For each of the potential alpha factors STREVRSL, PROFIT, SENTMT, run the function created in Problem 2 and plot the cumulative sum of the resulting time series. Do any of these qualify as potential alpha factors? Do the cumulative returns from the plot represent returns on any tradable assets or portfolios?

plt.plot(pd.Series(alpha_time_series_df["STREVRSL"]).cumsum(), label="STREVRSL")
plt.plot(pd.Series(alpha_time_series_df["PROFIT"]).cumsum(), label="PROFIT")
plt.plot(pd.Series(alpha_time_series_df["SENTMT"]).cumsum(), label="SENTMT")

plt.title("Cumulative Returns of Potential Alpha Factors")
plt.xlabel("Date")
plt.ylabel("Cumulative Returns")
plt.legend()
plt.xticks(rotation=45)
plt.xticks(np.arange(0, len(alpha_time_series_df.index), 50), alpha_time_series_df.index[np.arange(0, len(alpha_time_series_df.index), 50)])
plt.show()

An alpha factor is a variable or set of variables that a model uses to predict stock returns. To qualify as a potential alpha factor, a variable should ideally show a consistent ability to generate excess returns over a benchmark.

STREVRSL shows a steep upward trend, which suggests that this factor might have been predictive of positive returns over the period shown. If these returns are risk-adjusted and beat a benchmark, STREVRSL could be considered a strong alpha factor.
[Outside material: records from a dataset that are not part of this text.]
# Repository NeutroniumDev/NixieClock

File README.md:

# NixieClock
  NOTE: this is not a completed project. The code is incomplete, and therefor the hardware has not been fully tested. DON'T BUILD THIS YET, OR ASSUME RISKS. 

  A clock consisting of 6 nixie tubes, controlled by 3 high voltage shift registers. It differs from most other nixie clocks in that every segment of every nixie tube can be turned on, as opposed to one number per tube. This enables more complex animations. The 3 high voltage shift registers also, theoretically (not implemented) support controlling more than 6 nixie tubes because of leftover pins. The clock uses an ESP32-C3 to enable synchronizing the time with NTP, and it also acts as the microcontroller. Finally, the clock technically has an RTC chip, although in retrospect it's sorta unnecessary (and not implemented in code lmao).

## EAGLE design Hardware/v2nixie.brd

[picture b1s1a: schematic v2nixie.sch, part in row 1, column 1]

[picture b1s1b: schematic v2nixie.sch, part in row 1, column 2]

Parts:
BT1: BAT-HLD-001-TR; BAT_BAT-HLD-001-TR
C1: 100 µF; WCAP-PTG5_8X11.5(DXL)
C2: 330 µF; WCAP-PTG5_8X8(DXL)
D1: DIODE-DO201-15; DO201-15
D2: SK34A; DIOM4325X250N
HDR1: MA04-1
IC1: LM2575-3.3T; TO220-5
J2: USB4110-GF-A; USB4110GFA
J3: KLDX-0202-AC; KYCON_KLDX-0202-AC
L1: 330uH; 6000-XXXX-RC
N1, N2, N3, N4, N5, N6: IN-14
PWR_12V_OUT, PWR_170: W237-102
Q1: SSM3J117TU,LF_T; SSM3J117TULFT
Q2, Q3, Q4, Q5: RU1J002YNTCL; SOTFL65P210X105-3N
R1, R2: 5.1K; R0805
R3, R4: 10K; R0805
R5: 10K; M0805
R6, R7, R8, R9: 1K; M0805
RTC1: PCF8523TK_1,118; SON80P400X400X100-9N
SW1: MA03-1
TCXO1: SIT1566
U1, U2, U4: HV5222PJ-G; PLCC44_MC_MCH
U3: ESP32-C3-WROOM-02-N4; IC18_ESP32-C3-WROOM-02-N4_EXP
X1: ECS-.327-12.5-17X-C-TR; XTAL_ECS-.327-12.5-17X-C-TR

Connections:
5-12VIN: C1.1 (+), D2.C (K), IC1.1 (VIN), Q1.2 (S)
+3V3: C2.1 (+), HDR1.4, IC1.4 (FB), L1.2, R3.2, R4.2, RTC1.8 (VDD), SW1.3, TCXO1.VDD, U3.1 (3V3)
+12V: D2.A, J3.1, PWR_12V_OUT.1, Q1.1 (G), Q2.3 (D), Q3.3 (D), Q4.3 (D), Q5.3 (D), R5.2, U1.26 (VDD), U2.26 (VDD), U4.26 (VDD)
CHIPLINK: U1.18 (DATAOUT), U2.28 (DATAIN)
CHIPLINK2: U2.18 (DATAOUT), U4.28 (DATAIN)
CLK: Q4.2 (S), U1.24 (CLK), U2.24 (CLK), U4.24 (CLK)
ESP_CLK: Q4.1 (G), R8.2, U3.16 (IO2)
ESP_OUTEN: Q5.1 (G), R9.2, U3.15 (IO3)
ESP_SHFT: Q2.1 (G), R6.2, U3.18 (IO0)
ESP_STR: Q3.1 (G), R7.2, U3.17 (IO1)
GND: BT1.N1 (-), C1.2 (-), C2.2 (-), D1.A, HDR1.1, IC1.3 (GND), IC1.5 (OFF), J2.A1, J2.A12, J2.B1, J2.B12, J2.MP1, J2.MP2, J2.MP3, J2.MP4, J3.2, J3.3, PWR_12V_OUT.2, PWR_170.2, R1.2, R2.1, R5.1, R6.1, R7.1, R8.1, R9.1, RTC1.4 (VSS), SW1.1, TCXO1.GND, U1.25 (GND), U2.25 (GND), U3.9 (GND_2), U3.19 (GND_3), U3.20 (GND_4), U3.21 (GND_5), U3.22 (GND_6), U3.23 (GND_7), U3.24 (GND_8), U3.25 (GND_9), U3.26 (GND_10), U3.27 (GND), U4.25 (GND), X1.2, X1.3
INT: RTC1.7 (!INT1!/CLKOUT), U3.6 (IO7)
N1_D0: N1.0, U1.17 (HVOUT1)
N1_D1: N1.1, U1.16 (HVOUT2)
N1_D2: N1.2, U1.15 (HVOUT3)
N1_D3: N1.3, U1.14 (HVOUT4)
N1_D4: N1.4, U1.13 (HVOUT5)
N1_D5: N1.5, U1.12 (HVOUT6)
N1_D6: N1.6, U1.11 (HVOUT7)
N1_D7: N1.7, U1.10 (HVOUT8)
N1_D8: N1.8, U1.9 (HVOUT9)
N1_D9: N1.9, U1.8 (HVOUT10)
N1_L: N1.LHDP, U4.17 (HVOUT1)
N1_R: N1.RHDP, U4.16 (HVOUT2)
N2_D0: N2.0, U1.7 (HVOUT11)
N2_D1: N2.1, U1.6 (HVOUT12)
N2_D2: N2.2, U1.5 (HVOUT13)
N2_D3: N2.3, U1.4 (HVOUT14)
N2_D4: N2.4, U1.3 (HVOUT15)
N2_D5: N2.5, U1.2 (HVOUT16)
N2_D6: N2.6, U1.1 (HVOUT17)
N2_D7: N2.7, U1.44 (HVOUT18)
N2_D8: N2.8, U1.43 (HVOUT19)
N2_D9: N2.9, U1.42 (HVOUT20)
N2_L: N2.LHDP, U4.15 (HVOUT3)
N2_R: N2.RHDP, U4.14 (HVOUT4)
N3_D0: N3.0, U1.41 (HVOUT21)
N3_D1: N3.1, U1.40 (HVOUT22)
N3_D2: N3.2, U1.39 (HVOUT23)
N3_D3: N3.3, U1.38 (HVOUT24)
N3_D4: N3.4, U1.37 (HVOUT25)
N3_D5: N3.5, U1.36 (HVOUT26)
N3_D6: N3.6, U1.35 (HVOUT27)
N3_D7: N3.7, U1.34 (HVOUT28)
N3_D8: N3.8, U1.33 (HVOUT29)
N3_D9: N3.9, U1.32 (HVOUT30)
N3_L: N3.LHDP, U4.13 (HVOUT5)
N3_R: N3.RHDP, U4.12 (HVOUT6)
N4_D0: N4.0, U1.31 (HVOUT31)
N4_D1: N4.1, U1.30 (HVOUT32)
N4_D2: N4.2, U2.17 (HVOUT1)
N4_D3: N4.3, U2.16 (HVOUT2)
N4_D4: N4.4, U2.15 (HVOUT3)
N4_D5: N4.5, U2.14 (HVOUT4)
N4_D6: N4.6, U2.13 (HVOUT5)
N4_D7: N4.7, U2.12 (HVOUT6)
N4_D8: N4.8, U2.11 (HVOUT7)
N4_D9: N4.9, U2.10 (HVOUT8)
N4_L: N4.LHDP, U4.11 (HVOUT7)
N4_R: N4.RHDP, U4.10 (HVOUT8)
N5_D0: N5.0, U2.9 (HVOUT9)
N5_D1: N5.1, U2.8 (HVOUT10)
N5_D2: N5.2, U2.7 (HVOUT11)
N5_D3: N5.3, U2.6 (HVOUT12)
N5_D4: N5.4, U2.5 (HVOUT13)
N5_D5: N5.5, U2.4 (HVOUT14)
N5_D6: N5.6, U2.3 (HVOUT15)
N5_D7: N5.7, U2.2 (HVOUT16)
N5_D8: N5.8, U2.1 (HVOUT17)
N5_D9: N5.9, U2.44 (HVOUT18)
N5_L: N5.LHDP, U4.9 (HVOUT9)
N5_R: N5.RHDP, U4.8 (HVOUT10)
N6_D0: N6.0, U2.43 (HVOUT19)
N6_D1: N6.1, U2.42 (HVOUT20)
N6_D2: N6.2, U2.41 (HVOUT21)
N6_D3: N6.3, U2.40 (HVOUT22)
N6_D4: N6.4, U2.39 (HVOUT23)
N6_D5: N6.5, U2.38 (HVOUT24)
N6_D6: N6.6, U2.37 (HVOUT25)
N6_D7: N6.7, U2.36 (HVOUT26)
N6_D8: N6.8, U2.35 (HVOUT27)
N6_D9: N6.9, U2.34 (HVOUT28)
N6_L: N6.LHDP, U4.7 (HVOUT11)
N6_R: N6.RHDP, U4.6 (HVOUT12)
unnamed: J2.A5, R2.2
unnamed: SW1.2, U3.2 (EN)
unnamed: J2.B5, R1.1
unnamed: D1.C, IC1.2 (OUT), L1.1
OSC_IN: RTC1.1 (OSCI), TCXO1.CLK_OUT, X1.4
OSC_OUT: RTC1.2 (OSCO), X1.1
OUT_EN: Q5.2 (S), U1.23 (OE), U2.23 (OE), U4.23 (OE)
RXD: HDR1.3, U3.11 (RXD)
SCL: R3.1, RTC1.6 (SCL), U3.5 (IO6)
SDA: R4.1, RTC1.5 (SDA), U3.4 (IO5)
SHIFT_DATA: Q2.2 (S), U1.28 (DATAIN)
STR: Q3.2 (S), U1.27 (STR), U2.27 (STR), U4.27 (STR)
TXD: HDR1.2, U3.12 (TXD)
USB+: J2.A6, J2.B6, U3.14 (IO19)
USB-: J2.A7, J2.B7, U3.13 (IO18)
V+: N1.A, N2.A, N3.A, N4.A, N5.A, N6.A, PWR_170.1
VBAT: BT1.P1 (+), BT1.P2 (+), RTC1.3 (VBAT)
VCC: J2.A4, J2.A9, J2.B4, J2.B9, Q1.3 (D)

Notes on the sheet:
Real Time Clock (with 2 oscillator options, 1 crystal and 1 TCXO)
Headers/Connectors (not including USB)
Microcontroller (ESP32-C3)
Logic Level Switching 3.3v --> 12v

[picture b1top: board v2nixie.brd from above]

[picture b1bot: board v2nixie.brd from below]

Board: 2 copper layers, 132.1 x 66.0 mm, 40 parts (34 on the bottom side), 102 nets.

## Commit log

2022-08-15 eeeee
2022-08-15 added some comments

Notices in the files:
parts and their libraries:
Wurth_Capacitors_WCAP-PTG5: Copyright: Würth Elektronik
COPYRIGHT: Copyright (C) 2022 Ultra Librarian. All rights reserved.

PROFIT and SENTMT exhibit a more modest upward trajectory. This suggests that while they may have some predictive power, their ability to generate excess returns isn’t as pronounced as STREVRSL within the time frame of the data.

Part 4: Do the cumulative returns from the plot represent returns on any tradable assets or portfolios? The cumulative returns plotted for these alpha factors represent theoretical returns based on a model’s predictions. They are not directly the returns of tradable assets but indicate how an investment strategy based on these factors might have performed. To translate these into actual tradable strategies:

The factors would need to be a part of a trading model that determines how much to invest in different assets.

The model would adjust its positions regularly based on updated factor scores and predictions.

Transaction costs, slippage, market impact, and other real-world trading constraints would affect the actual returns realized.

The model’s predictions would need to be converted into portfolio weights, and these weights would then be used to construct a portfolio of stocks or other assets.

The plotted cumulative returns suggest how a strategy solely based on these alpha factors might have accumulated gains over time, but translating these theoretical returns into actual tradable strategies requires a comprehensive investment model and consideration of trading costs and constraints. If the factors are robust and continue to perform well out-of-sample (i.e., in future unseen data), they might be incorporated into real trading strategies or investment portfolios.